Disposable Class Management Dependency Injection

I am wondering how to manage an object using DI. Suppose I have a class

class Foo : IFoo, IDisposable { // ... } 

Then this class is introduced into another class.

 class Bar { public Bar(IFoo foo) { this.Foo = foo } IFoo Foo { get; set; } } 

Then I bind this in some area (in my example MVC and Ninject are used)

 this.Bind<IFoo>().To<Foo>().InRequestScope(); 

I am wondering, since the Injection Dependency framework handles the Foo life cycle, should I implement IDispoable in Bar ? I think DI manages the life cycle of Foo , so don't touch it if another class uses Foo . In addition, since a one-time object is passed to Bar as a constructor parameter, Bar does not wrap the one-time object, so it does not know how the caller Bar wants to use Foo after Bar - garbage collection. Is it correct?

+6
source share
2 answers

Yes, your assumptions are correct. Ninject will position the object for you.

+3
source

This is a common life time management problem. The basic rule is that whoever creates the object has the right to own this instance. The owner must dispose of / destroy this instance. Property can be transferred to someone else, which makes β€œsomeone else” responsible for the destruction of this instance.
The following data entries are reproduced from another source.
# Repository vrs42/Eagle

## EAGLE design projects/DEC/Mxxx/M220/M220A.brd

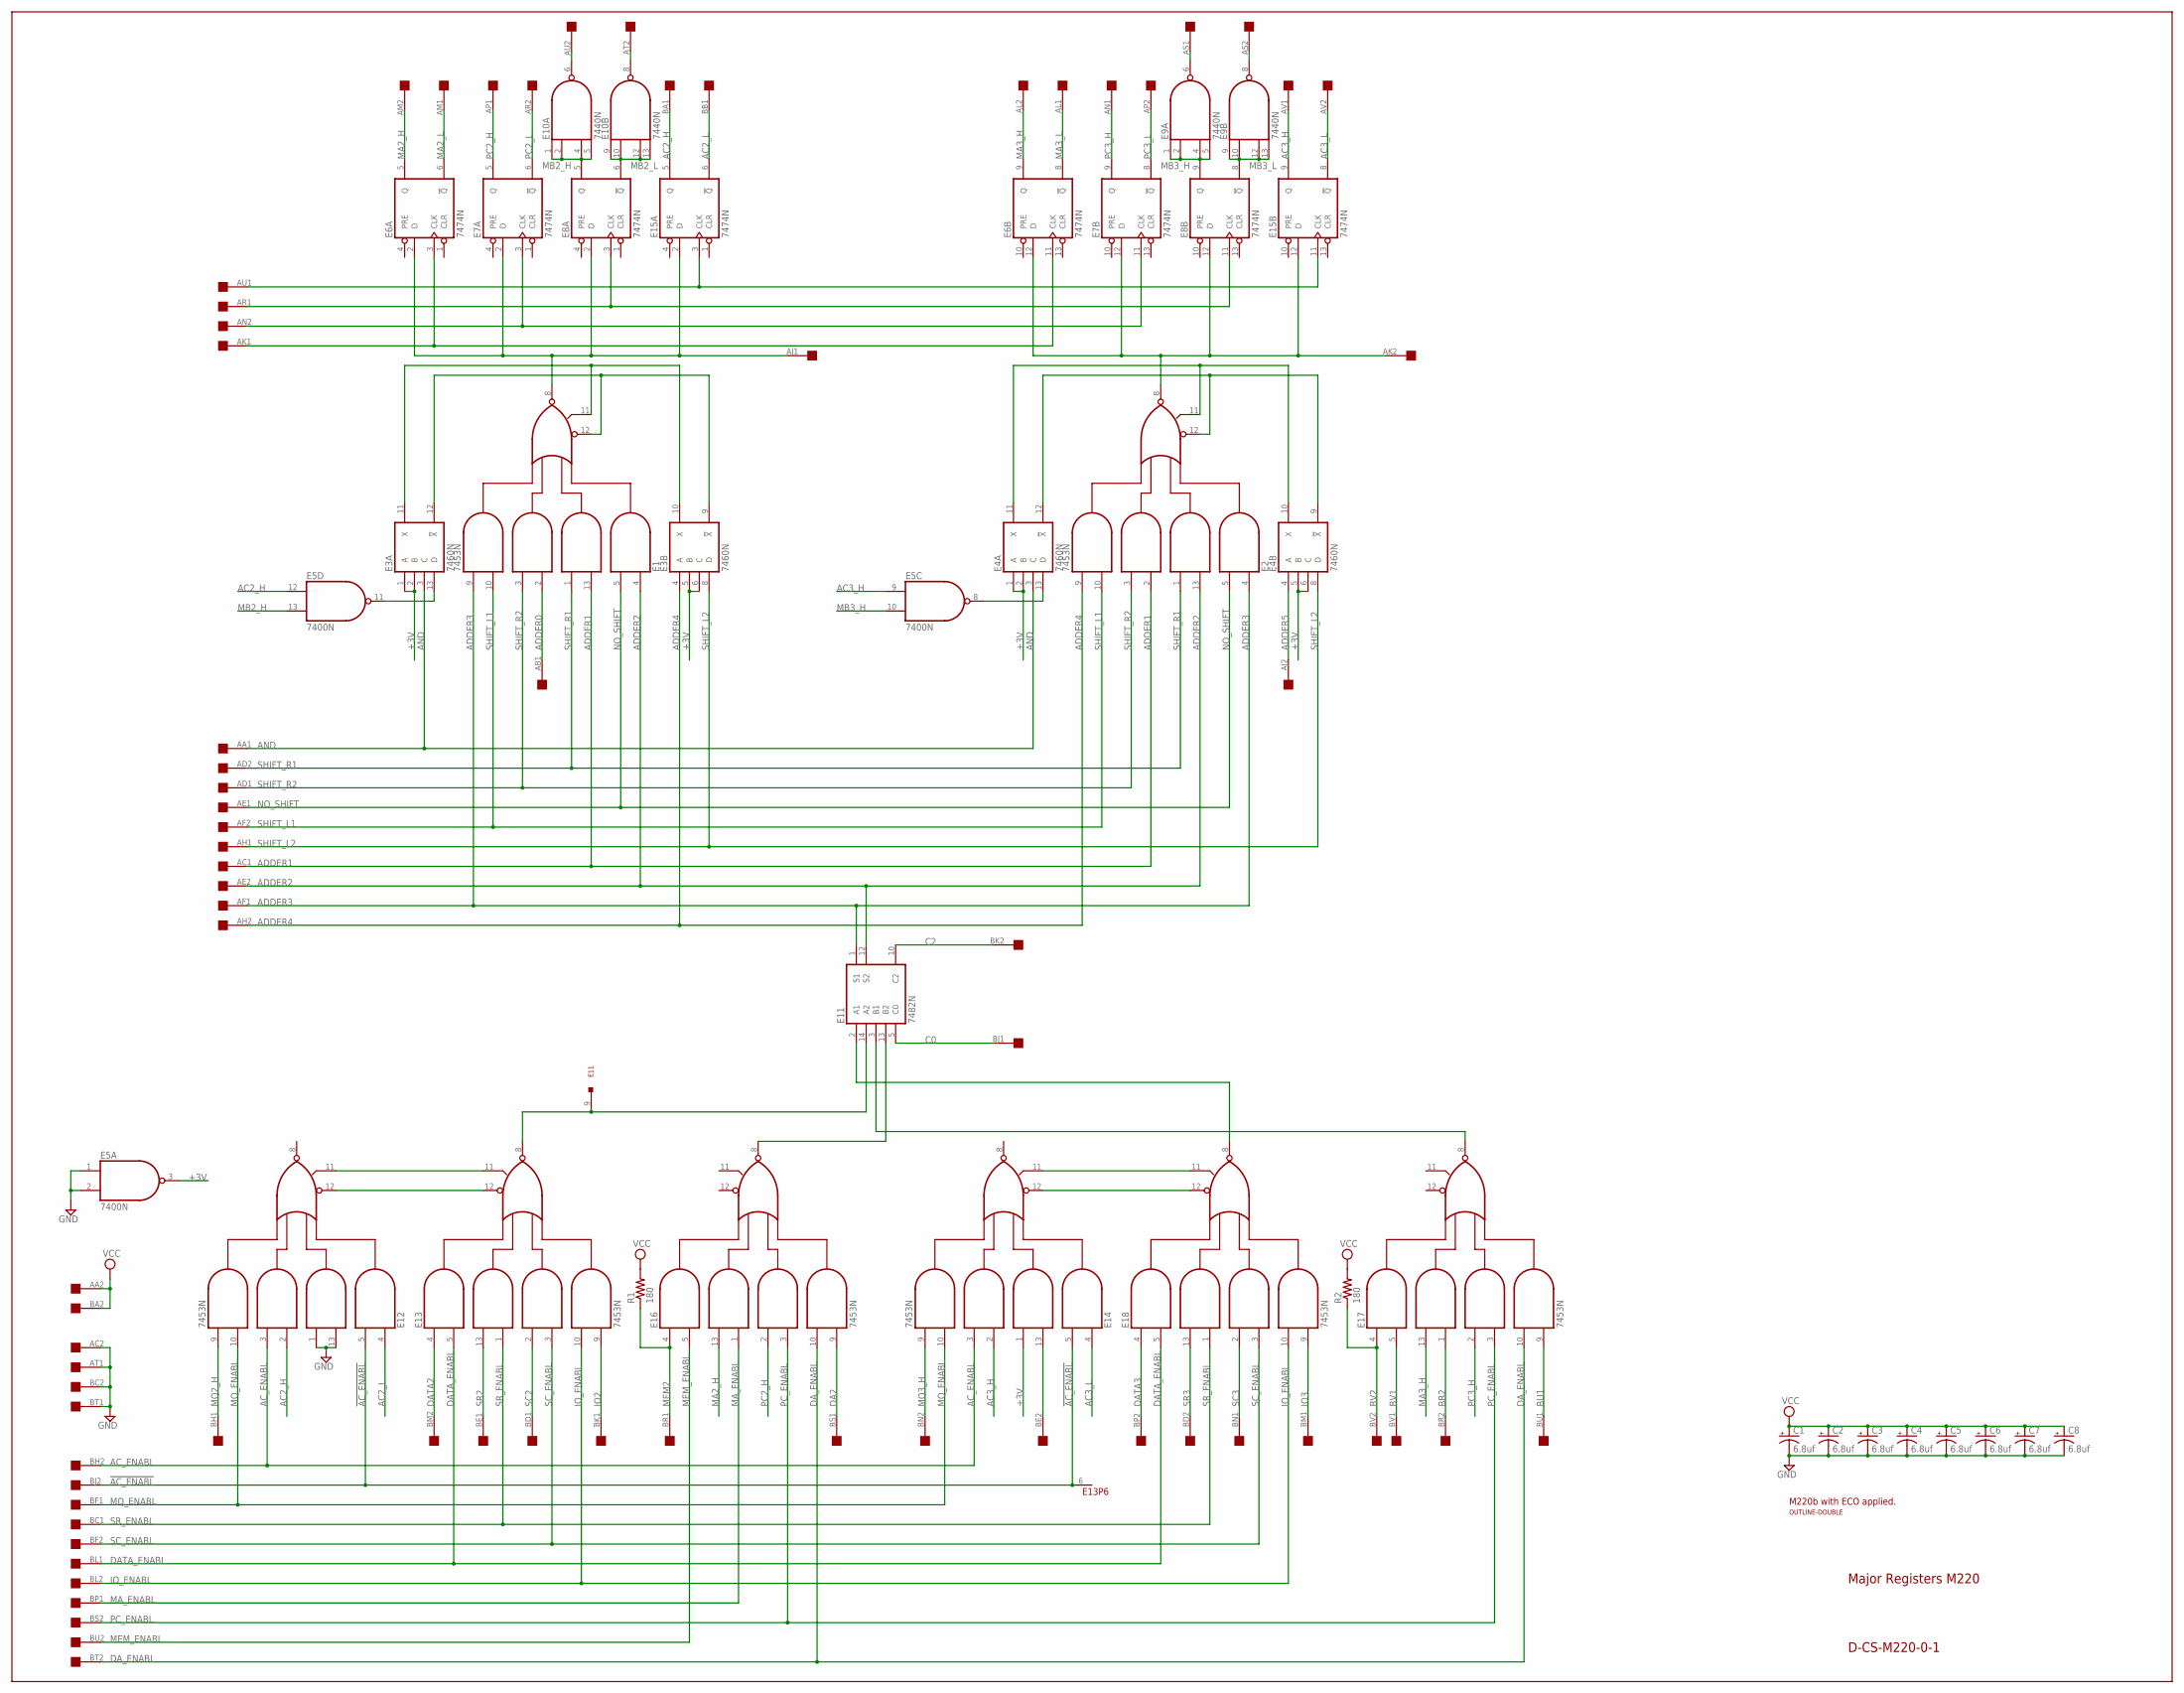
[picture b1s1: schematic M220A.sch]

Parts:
C1, C2, C3, C4, C5, C6, C7, C8: 6.8uf; E15-5
E1, E2, E12, E13, E14, E16, E17, E18: 7453N; DIL14
E3, E4: 7460N; DIL14
E5: 7400N; DIL14
E6, E7, E8, E15: 7474N; DIL14
E9, E10: 7440N; DIL14
E11: 7482N; DIL14
R1, R2: 180; 0207/10
U$1: DOUBLE; EDGE-CON4
U$2: OUTLINE-DOUBLE; DOUBLE

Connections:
!AC_ENABL: E12.5 (I2), E13.6 (SPARE), E14.5 (I2), U$1.BJ2
+3V: E3.1 (A), E3.2 (B), E3.5 (B), E3.6 (C), E4.1 (A), E4.2 (B), E4.5 (B), E4.6 (C), E5.3 (O), E14.1 (I4)
AC2_H: E5.12 (I0), E12.2 (I5), E15.5 (Q), U$1.BA1
AC2_L: E12.4 (I1), E15.6 (!Q), U$1.BB1
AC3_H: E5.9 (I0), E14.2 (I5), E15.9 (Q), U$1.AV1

In your case, the Foo instance is not created by Bar, so bar is not responsible for deleting this instance. Since Ninject created this instance for you, it is responsible for cleaning it up.

Property can be transferred, but it must be something explicit. A good example of explicit ownership transfer is the Factory design pattern:

 IFoo CreateNewFoo(); 

Although this method creates new instances of IFoo , it is pretty clear that it transfers ownership back to the caller.

A good example of a BAD method of transferring ownership is the .NET StreamReader class. It takes a one-time object in its constructor, but it takes responsibility. Although the documentation states that the class has this object, this behavior blinds many developers because it contradicts the general rule of ownership. Microsoft finally fixed this in .NET 4.5 by adding ctor overload, which can suppress deletion of a given stream.